## Work instruction
Once the line with "#1252 = ADVANCED_FACE" is found in the entries below, repeat it and each following line exactly, up to and including the line with "#9231 = VERTEX_POINT ( 'NONE', #15805 ) ;". Add no other lines.

## Data for this exercise
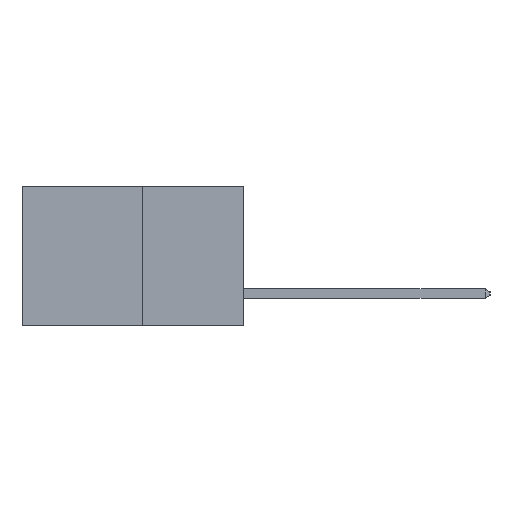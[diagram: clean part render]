
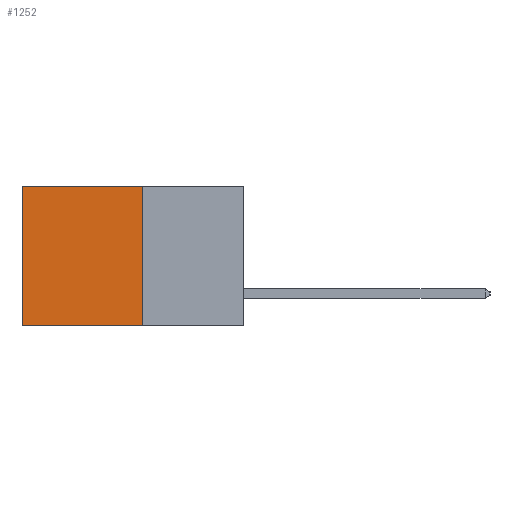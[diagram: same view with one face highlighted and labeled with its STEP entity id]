
A CAD part, left-side view. The second image highlights one B-rep face of the part: STEP entity #1252.
In plain terms, the highlighted planar face has unit normal (-1, 0, 0).
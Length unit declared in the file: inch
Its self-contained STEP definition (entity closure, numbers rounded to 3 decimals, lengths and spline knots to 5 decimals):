
#311 = VECTOR ( 'NONE', #16544, 39.37008 ) ;
#383 = EDGE_LOOP ( 'NONE', ( #5342, #7404, #9897, #15858 ) ) ;
#1252 = ADVANCED_FACE ( 'NONE', ( #8151 ), #8609, .F. ) ;
#1300 = AXIS2_PLACEMENT_3D ( 'NONE', #19533, #16061, #14972 ) ;
#3556 = EDGE_CURVE ( 'NONE', #5571, #9231, #8828, .T. ) ;
#4284 = LINE ( 'NONE', #14660, #13242 ) ;
#4443 = LINE ( 'NONE', #19364, #8430 ) ;
#5342 = ORIENTED_EDGE ( 'NONE', *, *, #3556, .T. ) ;
#5571 = VERTEX_POINT ( 'NONE', #17126 ) ;
#5894 = CARTESIAN_POINT ( 'NONE',  ( 0.277, 0.27, -0.37 ) ) ;
#6053 = LINE ( 'NONE', #20267, #18387 ) ;
#7342 = VERTEX_POINT ( 'NONE', #5894 ) ;
#7404 = ORIENTED_EDGE ( 'NONE', *, *, #7553, .F. ) ;
#7493 = EDGE_CURVE ( 'NONE', #17679, #5571, #6053, .T. ) ;
#7553 = EDGE_CURVE ( 'NONE', #7342, #9231, #4443, .T. ) ;
#8151 = FACE_OUTER_BOUND ( 'NONE', #383, .T. ) ;
#8430 = VECTOR ( 'NONE', #19278, 39.37008 ) ;
#8609 = PLANE ( 'NONE',  #1300 ) ;
#8828 = LINE ( 'NONE', #16905, #311 ) ;
#9231 = VERTEX_POINT ( 'NONE', #15805 ) ;
#9897 = ORIENTED_EDGE ( 'NONE', *, *, #10684, .F. ) ;
#10684 = EDGE_CURVE ( 'NONE', #17679, #7342, #4284, .T. ) ;
#13242 = VECTOR ( 'NONE', #21276, 39.37008 ) ;
#14660 = CARTESIAN_POINT ( 'NONE',  ( 0.277, 0.27, -0.37 ) ) ;
#14972 = DIRECTION ( 'NONE',  ( 0., 0., -1. ) ) ;
#15805 = CARTESIAN_POINT ( 'NONE',  ( 0.277, 0.59, -0.37 ) ) ;
#15858 = ORIENTED_EDGE ( 'NONE', *, *, #7493, .T. ) ;
#16061 = DIRECTION ( 'NONE',  ( 1., 0., 0. ) ) ;
#16466 = CARTESIAN_POINT ( 'NONE',  ( 0.277, 0.27, 0. ) ) ;
#16544 = DIRECTION ( 'NONE',  ( 0., 0., -1. ) ) ;
#16905 = CARTESIAN_POINT ( 'NONE',  ( 0.277, 0.59, -0.37 ) ) ;
#17126 = CARTESIAN_POINT ( 'NONE',  ( 0.277, 0.59, 0. ) ) ;
#17679 = VERTEX_POINT ( 'NONE', #16466 ) ;
#18387 = VECTOR ( 'NONE', #20156, 39.37008 ) ;
#19278 = DIRECTION ( 'NONE',  ( 0., 1., 0. ) ) ;
#19364 = CARTESIAN_POINT ( 'NONE',  ( 0.277, 0.27, -0.37 ) ) ;
#19533 = CARTESIAN_POINT ( 'NONE',  ( 0.277, 0.27, -0.37 ) ) ;
#20156 = DIRECTION ( 'NONE',  ( 0., 1., 0. ) ) ;
#20267 = CARTESIAN_POINT ( 'NONE',  ( 0.277, 0.27, 0. ) ) ;
#21276 = DIRECTION ( 'NONE',  ( 0., 0., -1. ) ) ;

## Solution to this task
#1252 = ADVANCED_FACE ( 'NONE', ( #8151 ), #8609, .F. ) ;
#1300 = AXIS2_PLACEMENT_3D ( 'NONE', #19533, #16061, #14972 ) ;
#3556 = EDGE_CURVE ( 'NONE', #5571, #9231, #8828, .T. ) ;
#4284 = LINE ( 'NONE', #14660, #13242 ) ;
#4443 = LINE ( 'NONE', #19364, #8430 ) ;
#5342 = ORIENTED_EDGE ( 'NONE', *, *, #3556, .T. ) ;
#5571 = VERTEX_POINT ( 'NONE', #17126 ) ;
#5894 = CARTESIAN_POINT ( 'NONE',  ( 0.277, 0.27, -0.37 ) ) ;
#6053 = LINE ( 'NONE', #20267, #18387 ) ;
#7342 = VERTEX_POINT ( 'NONE', #5894 ) ;
#7404 = ORIENTED_EDGE ( 'NONE', *, *, #7553, .F. ) ;
#7493 = EDGE_CURVE ( 'NONE', #17679, #5571, #6053, .T. ) ;
#7553 = EDGE_CURVE ( 'NONE', #7342, #9231, #4443, .T. ) ;
#8151 = FACE_OUTER_BOUND ( 'NONE', #383, .T. ) ;
#8430 = VECTOR ( 'NONE', #19278, 39.37008 ) ;
#8609 = PLANE ( 'NONE',  #1300 ) ;
#8828 = LINE ( 'NONE', #16905, #311 ) ;
#9231 = VERTEX_POINT ( 'NONE', #15805 ) ;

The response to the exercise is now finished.